E ci sono, qua e là, "situazioni che ricordano la carcerazione descritta da Dumas per il Conte di Montecristo, per esempio Sala Consilina, un ex convento del Salernitano dove le celle sono situate nei vecchi depositi semisotterranei, e Favignana, dove le celle si trovano al livello del fossato dell’antico castello duecentesco".

Dopo il vuoto degli anni Novanta, i primi finanziamenti per nuovi istituti di pena arrivano con la Finanziaria 2001 Presidente del Consiglio è Giuliano Amato, ministro della Giustizia il diessino Piero Fassino: si stanziano 800 miliardi per costruire nuove carceri, ipotizzando che possano essere i privati a occuparsene. "Abbiamo varato un piano strutturale per risolvere la criticità del sistema carcerario" dice Fassino. Ma sarà il leghista Roberto Castelli, suo successore al ministero della Giustizia, a ereditare piano e finanziamenti.

Ricorda Castelli: "Quando ho lasciato, erano in programma 21 penitenziari". I nove ufficialmente in costruzione oggi sono ciò che resta di quel programma. Tutti gli altri sono rimasti allo stato di progetto. "Le difficoltà sono enormi" spiega l’ex ministro.

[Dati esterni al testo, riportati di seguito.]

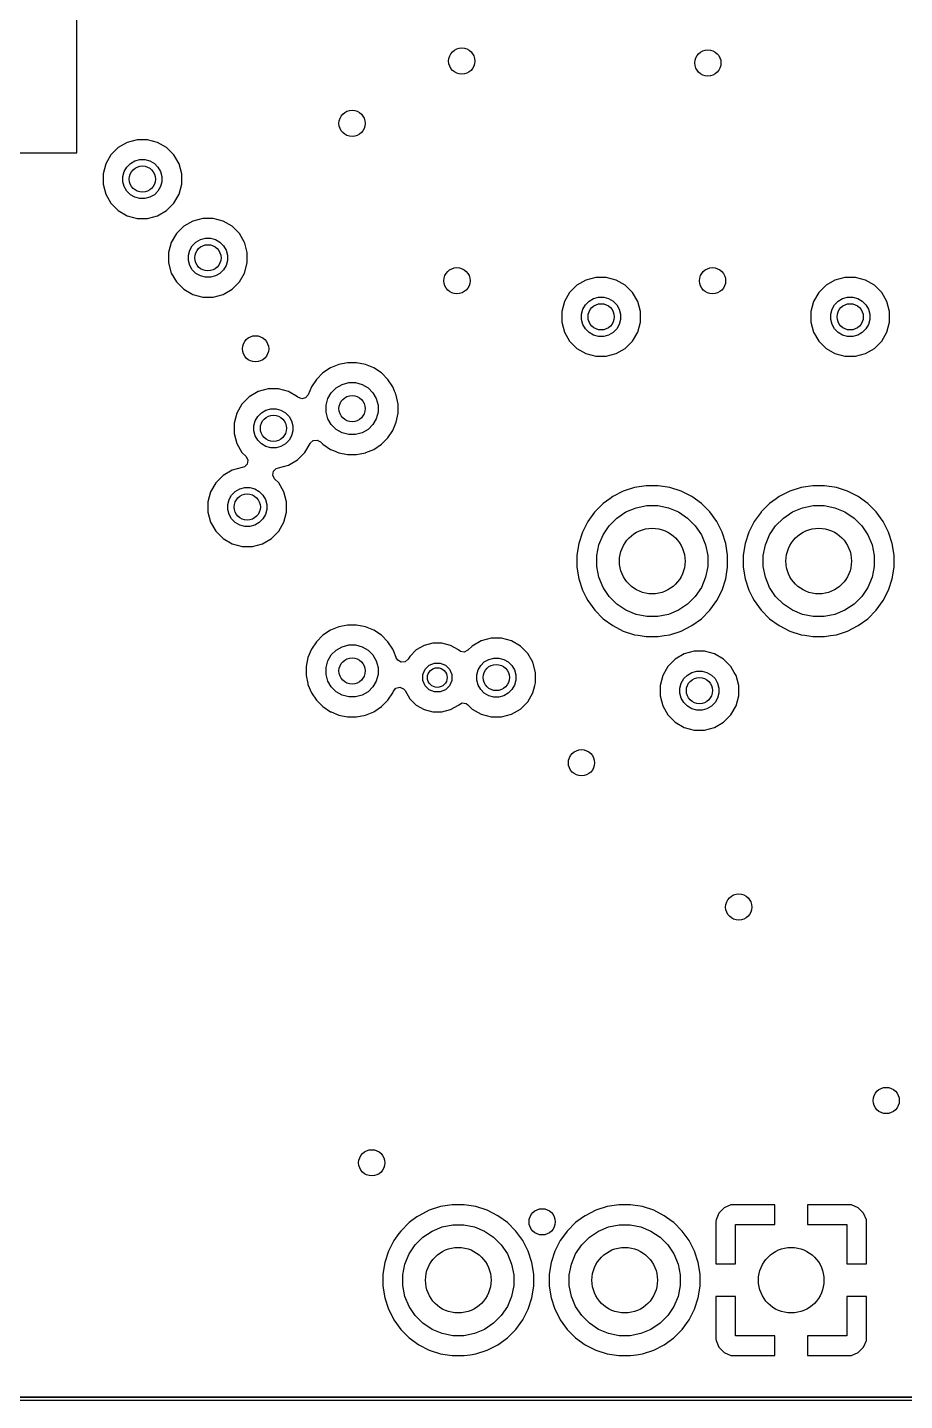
# Model space of a CAD drawing. Extents: x 89 to 178, y -115 to -57.
# Drawn here: x 138.65 to 152.03, y -115.02 to -94.09 of the extents above; entities that cross this region are included whole.
import ezdxf

# ---------------------------------------------------------------- set-up
doc = ezdxf.new("R2010")
doc.units = 0
doc.layers.add('BLACK', color=7, linetype='CONTINUOUS')

msp = doc.modelspace()

# ---------------------------------------------------------------- linework, layer by layer
at = {"layer": 'BLACK', "linetype": 'CONTINUOUS'}
for p, q in [((139.4, -94.125), (139.4, -93.84019)), ((139.4, -94.726602), (139.4, -94.125)), ((139.4, -95.495381), (139.4, -94.726602)), ((139.4, -96), (139.4, -95.495381)), ((140.168216, -95.840423), (140.031284, -95.91948)), ((140.320943, -95.7995), (140.168216, -95.840423)), ((140.479057, -95.7995), (140.320943, -95.7995)), ((140.631784, -95.840423), (140.479057, -95.7995)), ((140.768716, -95.91948), (140.631784, -95.840423)), ((132.841008, -96), (139.399999, -96)), ((139.399999, -96), (139.4, -96)), ((139.91948, -96.031284), (139.840423, -96.168216)), ((140.031284, -95.91948), (139.91948, -96.031284)), ((140.285195, -96.122836), (140.360842, -96.102567)), ((140.360842, -96.102567), (140.439158, -96.102567)), ((140.439158, -96.102567), (140.514805, -96.122836)), ((140.88052, -96.031284), (140.768716, -95.91948)), ((140.908117, -96.079083), (140.88052, -96.031284)), ((140.959577, -96.168216), (140.908117, -96.079083)), ((139.840423, -96.168216), (139.7995, -96.320943)), ((140.102567, -96.360842), (140.122836, -96.285195)), ((140.122836, -96.285195), (140.161994, -96.217372)), ((140.161994, -96.217372), (140.217372, -96.161994)), ((140.217372, -96.161994), (140.285195, -96.122836)), ((140.514805, -96.122836), (140.582628, -96.161994)), ((140.582628, -96.161994), (140.638006, -96.217372)), ((140.638006, -96.217372), (140.677164, -96.285195)), ((140.677164, -96.285195), (140.697433, -96.360842)), ((141.0005, -96.320943), (140.959577, -96.168216)), ((139.7995, -96.320943), (139.7995, -96.479057)), ((139.7995, -96.479057), (139.840423, -96.631784)), ((140.102567, -96.439158), (140.102567, -96.360842)), ((140.122836, -96.514805), (140.102567, -96.439158)), ((140.161994, -96.582628), (140.122836, -96.514805)), ((140.677164, -96.514805), (140.638006, -96.582628)), ((140.697433, -96.439158), (140.677164, -96.514805)), ((140.697433, -96.360842), (140.697433, -96.439158)), ((140.959577, -96.631784), (141.0005, -96.479057)), ((141.0005, -96.479057), (141.0005, -96.320943)), ((139.840423, -96.631784), (139.91948, -96.768716)), ((140.217372, -96.638006), (140.161994, -96.582628)), ((140.285195, -96.677164), (140.217372, -96.638006)), ((140.360842, -96.697433), (140.285195, -96.677164)), ((140.439158, -96.697433), (140.360842, -96.697433)), ((140.514805, -96.677164), (140.439158, -96.697433)), ((140.582628, -96.638006), (140.514805, -96.677164)), ((140.638006, -96.582628), (140.582628, -96.638006)), ((140.88052, -96.768716), (140.959577, -96.631784)), ((139.91948, -96.768716), (140.031284, -96.88052)), ((140.031284, -96.88052), (140.168216, -96.959577)), ((140.631784, -96.959577), (140.768716, -96.88052)), ((140.768716, -96.88052), (140.88052, -96.768716)), ((140.168216, -96.959577), (140.320943, -97.0005)), ((140.320943, -97.0005), (140.320945, -97.0005)), ((140.320945, -97.0005), (140.479055, -97.0005)), ((140.479055, -97.0005), (140.479057, -97.0005)), ((140.479057, -97.0005), (140.631784, -96.959577)), ((141.031284, -97.11948), (140.91948, -97.231284)), ((141.168216, -97.040423), (141.031284, -97.11948)), ((141.320943, -96.9995), (141.168216, -97.040423)), ((141.479057, -96.9995), (141.320943, -96.9995)), ((141.631784, -97.040423), (141.479057, -96.9995)), ((141.768716, -97.11948), (141.631784, -97.040423)), ((141.88052, -97.231284), (141.768716, -97.11948)), ((140.91948, -97.231284), (140.840423, -97.368216)), ((141.217372, -97.361994), (141.285195, -97.322836)), ((141.285195, -97.322836), (141.360842, -97.302567)), ((141.360842, -97.302567), (141.439158, -97.302567)), ((141.439158, -97.302567), (141.514805, -97.322836)), ((141.514805, -97.322836), (141.582628, -97.361994)), ((141.959577, -97.368216), (141.88052, -97.231284)), ((140.840423, -97.368216), (140.7995, -97.520943)), ((140.7995, -97.520943), (140.7995, -97.679057)), ((141.102567, -97.560842), (141.122836, -97.485195)), ((141.102567, -97.639158), (141.102567, -97.560842)), ((141.122836, -97.485195), (141.161994, -97.417372)), ((141.161994, -97.417372), (141.217372, -97.361994)), ((141.582628, -97.361994), (141.638006, -97.417372)), ((141.638006, -97.417372), (141.677164, -97.485195)), ((141.677164, -97.485195), (141.697433, -97.560842)), ((141.697433, -97.560842), (141.697433, -97.639158)), ((141.962476, -97.379036), (141.959577, -97.368216)), ((142.0005, -97.520943), (141.962476, -97.379036)), ((142.0005, -97.679057), (142.0005, -97.520943)), ((140.7995, -97.679057), (140.840423, -97.831784)), ((141.122836, -97.714805), (141.102567, -97.639158)), ((141.161994, -97.782628), (141.122836, -97.714805)), ((141.677164, -97.714805), (141.638006, -97.782628)), ((141.697433, -97.639158), (141.677164, -97.714805)), ((141.959577, -97.831784), (142.0005, -97.679057)), ((140.840423, -97.831784), (140.91948, -97.968716)), ((140.91948, -97.968716), (141.031284, -98.08052)), ((141.217372, -97.838006), (141.161994, -97.782628)), ((141.285195, -97.877164), (141.217372, -97.838006)), ((141.360842, -97.897433), (141.285195, -97.877164)), ((141.439158, -97.897433), (141.360842, -97.897433)), ((141.514805, -97.877164), (141.439158, -97.897433)), ((141.582628, -97.838006), (141.514805, -97.877164)), ((141.638006, -97.782628), (141.582628, -97.838006)), ((141.768716, -98.08052), (141.88052, -97.968716)), ((141.88052, -97.968716), (141.959577, -97.831784)), ((147.168216, -97.940423), (147.031284, -98.01948)), ((147.320943, -97.8995), (147.168216, -97.940423)), ((147.479057, -97.8995), (147.320943, -97.8995)), ((147.631784, -97.940423), (147.479057, -97.8995)), ((147.768716, -98.01948), (147.631784, -97.940423)), ((150.968216, -97.940423), (150.831284, -98.01948)), ((151.120943, -97.8995), (150.968216, -97.940423)), ((151.279057, -97.8995), (151.120943, -97.8995)), ((151.431784, -97.940423), (151.279057, -97.8995)), ((151.568716, -98.01948), (151.431784, -97.940423)), ((141.031284, -98.08052), (141.168216, -98.159577)), ((141.168216, -98.159577), (141.320943, -98.2005)), ((141.479057, -98.2005), (141.631784, -98.159577)), ((141.631784, -98.159577), (141.768716, -98.08052)), ((146.91948, -98.131284), (146.840423, -98.268216)), ((147.031284, -98.01948), (146.91948, -98.131284)), ((147.88052, -98.131284), (147.768716, -98.01948)), ((147.959577, -98.268216), (147.88052, -98.131284)), ((150.71948, -98.131284), (150.640423, -98.268216)), ((150.831284, -98.01948), (150.71948, -98.131284)), ((151.68052, -98.131284), (151.568716, -98.01948)), ((151.759577, -98.268216), (151.68052, -98.131284)), ((141.320943, -98.2005), (141.320945, -98.2005)), ((141.320945, -98.2005), (141.479055, -98.2005)), ((141.479055, -98.2005), (141.479057, -98.2005)), ((146.840423, -98.268216), (146.7995, -98.420943)), ((147.102567, -98.460842), (147.122836, -98.385195)), ((147.122836, -98.385195), (147.161994, -98.317372)), ((147.161994, -98.317372), (147.217372, -98.261994)), ((147.217372, -98.261994), (147.285195, -98.222836)), ((147.285195, -98.222836), (147.360842, -98.202567)), ((147.360842, -98.202567), (147.439158, -98.202567)), ((147.439158, -98.202567), (147.514805, -98.222836)), ((147.514805, -98.222836), (147.582628, -98.261994)), ((147.582628, -98.261994), (147.638006, -98.317372)), ((147.638006, -98.317372), (147.677164, -98.385195)), ((147.677164, -98.385195), (147.697433, -98.460842)), ((148.0005, -98.420943), (147.959577, -98.268216)), ((150.640423, -98.268216), (150.5995, -98.420943)), ((150.902567, -98.460842), (150.922836, -98.385195)), ((150.922836, -98.385195), (150.961994, -98.317372)), ((150.961994, -98.317372), (151.017372, -98.261994)), ((151.017372, -98.261994), (151.085195, -98.222836)), ((151.085195, -98.222836), (151.160842, -98.202567)), ((151.160842, -98.202567), (151.239158, -98.202567)), ((151.239158, -98.202567), (151.314805, -98.222836)), ((151.314805, -98.222836), (151.382628, -98.261994)), ((151.382628, -98.261994), (151.438006, -98.317372)), ((151.438006, -98.317372), (151.477164, -98.385195)), ((151.477164, -98.385195), (151.497433, -98.460842)), ((151.8005, -98.420943), (151.759577, -98.268216)), ((146.7995, -98.420943), (146.7995, -98.579057)), ((146.7995, -98.579057), (146.840423, -98.731784)), ((147.102567, -98.539158), (147.102567, -98.460842)), ((147.122836, -98.614805), (147.102567, -98.539158)), ((147.161994, -98.682628), (147.122836, -98.614805)), ((147.677164, -98.614805), (147.638006, -98.682628)), ((147.697433, -98.539158), (147.677164, -98.614805)), ((147.697433, -98.460842), (147.697433, -98.539158)), ((147.959577, -98.731784), (148.0005, -98.579057)), ((148.0005, -98.579057), (148.0005, -98.420943)), ((150.5995, -98.420943), (150.5995, -98.579057)), ((150.5995, -98.579057), (150.640423, -98.731784)), ((150.902567, -98.539158), (150.902567, -98.460842)), ((150.922836, -98.614805), (150.902567, -98.539158)), ((150.961994, -98.682628), (150.922836, -98.614805)), ((151.477164, -98.614805), (151.438006, -98.682628)), ((151.497433, -98.539158), (151.477164, -98.614805)), ((151.497433, -98.460842), (151.497433, -98.539158)), ((151.759577, -98.731784), (151.8005, -98.579057)), ((151.8005, -98.430817), (151.8005, -98.420943)), ((151.8005, -98.579057), (151.8005, -98.430817)), ((146.840423, -98.731784), (146.91948, -98.868716)), ((147.217372, -98.738006), (147.161994, -98.682628)), ((147.285195, -98.777164), (147.217372, -98.738006)), ((147.360842, -98.797433), (147.285195, -98.777164)), ((147.439158, -98.797433), (147.360842, -98.797433)), ((147.514805, -98.777164), (147.439158, -98.797433)), ((147.582628, -98.738006), (147.514805, -98.777164)), ((147.638006, -98.682628), (147.582628, -98.738006)), ((147.88052, -98.868716), (147.959577, -98.731784)), ((150.640423, -98.731784), (150.71948, -98.868716)), ((151.017372, -98.738006), (150.961994, -98.682628)), ((151.085195, -98.777164), (151.017372, -98.738006)), ((151.160842, -98.797433), (151.085195, -98.777164)), ((151.239158, -98.797433), (151.160842, -98.797433)), ((151.314805, -98.777164), (151.239158, -98.797433)), ((151.382628, -98.738006), (151.314805, -98.777164)), ((151.438006, -98.682628), (151.382628, -98.738006)), ((151.68052, -98.868716), (151.759577, -98.731784)), ((146.91948, -98.868716), (147.031284, -98.98052)), ((147.031284, -98.98052), (147.168216, -99.059577)), ((147.631784, -99.059577), (147.768716, -98.98052)), ((147.768716, -98.98052), (147.88052, -98.868716)), ((150.71948, -98.868716), (150.831284, -98.98052)), ((150.831284, -98.98052), (150.968216, -99.059577)), ((151.431784, -99.059577), (151.568716, -98.98052)), ((151.568716, -98.98052), (151.68052, -98.868716)), ((143.39567, -99.22642), (143.268193, -99.279222)), ((143.395672, -99.22642), (143.39567, -99.22642)), ((143.531004, -99.1995), (143.395672, -99.22642)), ((143.531007, -99.1995), (143.531004, -99.1995)), ((143.668993, -99.1995), (143.531007, -99.1995)), ((143.668995, -99.1995), (143.668993, -99.1995)), ((143.804328, -99.22642), (143.668995, -99.1995)), ((143.931806, -99.279222), (143.804328, -99.22642)), ((147.168216, -99.059577), (147.320943, -99.1005)), ((147.320943, -99.1005), (147.320945, -99.1005)), ((147.320945, -99.1005), (147.479055, -99.1005)), ((147.479055, -99.1005), (147.479057, -99.1005)), ((147.479057, -99.1005), (147.631784, -99.059577)), ((150.968216, -99.059577), (151.120943, -99.1005)), ((151.120943, -99.1005), (151.120945, -99.1005)), ((151.120945, -99.1005), (151.279055, -99.1005)), ((151.279055, -99.1005), (151.279057, -99.1005)), ((151.279057, -99.1005), (151.431784, -99.059577)), ((143.153458, -99.355885), (143.055885, -99.453458)), ((143.268182, -99.279228), (143.153458, -99.355885)), ((143.268193, -99.279222), (143.268182, -99.279228)), ((143.931817, -99.279228), (143.931806, -99.279222)), ((144.046541, -99.355885), (143.931817, -99.279228)), ((144.144114, -99.453458), (144.046541, -99.355885)), ((142.168216, -99.640423), (142.031284, -99.71948)), ((142.320943, -99.5995), (142.168216, -99.640423)), ((142.479057, -99.5995), (142.320943, -99.5995)), ((142.631784, -99.640423), (142.479057, -99.5995)), ((142.768716, -99.71948), (142.631784, -99.640423)), ((142.979224, -99.56819), (142.929956, -99.687135)), ((142.979228, -99.568182), (142.979224, -99.56819)), ((143.055885, -99.453458), (142.979228, -99.568182)), ((143.230448, -99.746927), (143.282659, -99.656495)), ((143.282659, -99.656495), (143.356495, -99.582659)), ((143.356495, -99.582659), (143.446927, -99.530448)), ((143.446927, -99.530448), (143.54779, -99.503422)), ((143.54779, -99.503422), (143.65221, -99.503422)), ((143.65221, -99.503422), (143.753073, -99.530448)), ((143.753073, -99.530448), (143.843505, -99.582659)), ((143.843505, -99.582659), (143.917341, -99.656495)), ((143.917341, -99.656495), (143.969552, -99.746927)), ((144.220771, -99.568182), (144.144114, -99.453458)), ((144.220777, -99.568193), (144.220771, -99.568182)), ((144.246794, -99.631004), (144.220777, -99.568193)), ((144.260473, -99.664028), (144.246794, -99.631004)), ((141.91948, -99.831284), (141.840423, -99.968216)), ((142.031284, -99.71948), (141.91948, -99.831284)), ((142.768718, -99.719482), (142.768716, -99.71948)), ((142.768723, -99.719485), (142.768718, -99.719482)), ((142.768816, -99.719556), (142.768723, -99.719485)), ((142.774197, -99.724529), (142.768816, -99.719556)), ((142.830725, -99.747944), (142.774197, -99.724529)), ((142.890219, -99.73366), (142.830725, -99.747944)), ((142.929956, -99.687135), (142.890219, -99.73366)), ((143.203422, -99.84779), (143.230448, -99.746927)), ((143.203422, -99.95221), (143.203422, -99.84779)), ((143.969552, -99.746927), (143.996578, -99.84779)), ((143.996578, -99.84779), (143.996578, -99.95221)), ((144.269072, -99.684789), (144.260473, -99.664028)), ((144.27358, -99.695672), (144.269072, -99.684789)), ((144.3005, -99.831007), (144.27358, -99.695672)), ((144.3005, -99.968993), (144.3005, -99.831007)), ((141.840423, -99.968216), (141.7995, -100.120943)), ((142.122836, -100.085195), (142.161994, -100.017372)), ((142.161994, -100.017372), (142.217372, -99.961994)), ((142.217372, -99.961994), (142.285195, -99.922836)), ((142.285195, -99.922836), (142.360842, -99.902567)), ((142.360842, -99.902567), (142.439158, -99.902567)), ((142.439158, -99.902567), (142.514805, -99.922836)), ((142.514805, -99.922836), (142.582628, -99.961994)), ((142.582628, -99.961994), (142.638006, -100.017372)), ((142.638006, -100.017372), (142.677164, -100.085195)), ((143.230448, -100.053073), (143.203422, -99.95221)), ((143.282659, -100.143505), (143.230448, -100.053073)), ((143.969552, -100.053073), (143.917341, -100.143505)), ((143.996578, -99.95221), (143.969552, -100.053073)), ((144.27358, -100.104328), (144.3005, -99.968993)), ((141.7995, -100.120943), (141.7995, -100.279057)), ((141.7995, -100.279057), (141.840423, -100.431784)), ((142.102567, -100.160842), (142.122836, -100.085195)), ((142.102567, -100.239158), (142.102567, -100.160842)), ((142.122836, -100.314805), (142.102567, -100.239158)), ((142.677164, -100.085195), (142.697433, -100.160842)), ((142.697433, -100.239158), (142.677164, -100.314805)), ((142.697433, -100.160842), (142.697433, -100.239158)), ((143.356495, -100.217341), (143.282659, -100.143505)), ((143.446927, -100.269552), (143.356495, -100.217341)), ((143.54779, -100.296578), (143.446927, -100.269552)), ((143.753073, -100.269552), (143.65221, -100.296578)), ((143.843505, -100.217341), (143.753073, -100.269552)), ((143.917341, -100.143505), (143.843505, -100.217341)), ((144.144114, -100.346542), (144.220775, -100.231811)), ((144.220775, -100.231811), (144.27358, -100.104328)), ((141.840423, -100.431784), (141.91948, -100.568716)), ((142.161994, -100.382628), (142.122836, -100.314805)), ((142.217372, -100.438006), (142.161994, -100.382628)), ((142.285195, -100.477164), (142.217372, -100.438006)), ((142.360842, -100.497433), (142.285195, -100.477164)), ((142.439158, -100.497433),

"E cominciano subito, non appena il comitato paritetico tra i ministeri della Giustizia e delle Infrastrutture stabilisce dove costruire le strutture e si prende contatto con gli enti locali. Perché al Sud i penitenziari li vogliono tutti e si scatenano tra i comuni le rivalità, al Nord, invece, non li vuole nessuno e se solo si sparge la notizia che si costruirà un carcere nascono i comitati di cittadini disposti a tutto pur di bloccare l’iniziativa".

Per superare gli ostacoli, da ministro Castelli pensò di ricorrere al leasing: i privati avrebbero costruito e lo Stato avrebbe preso in locazione i nuovi istituti di pena. Nacque una società per azioni, la Dike Aedifica: doveva vendere i vecchi edifici, come il castello prigione di Favignana, e trovare così i soldi per finanziare nuove strutture.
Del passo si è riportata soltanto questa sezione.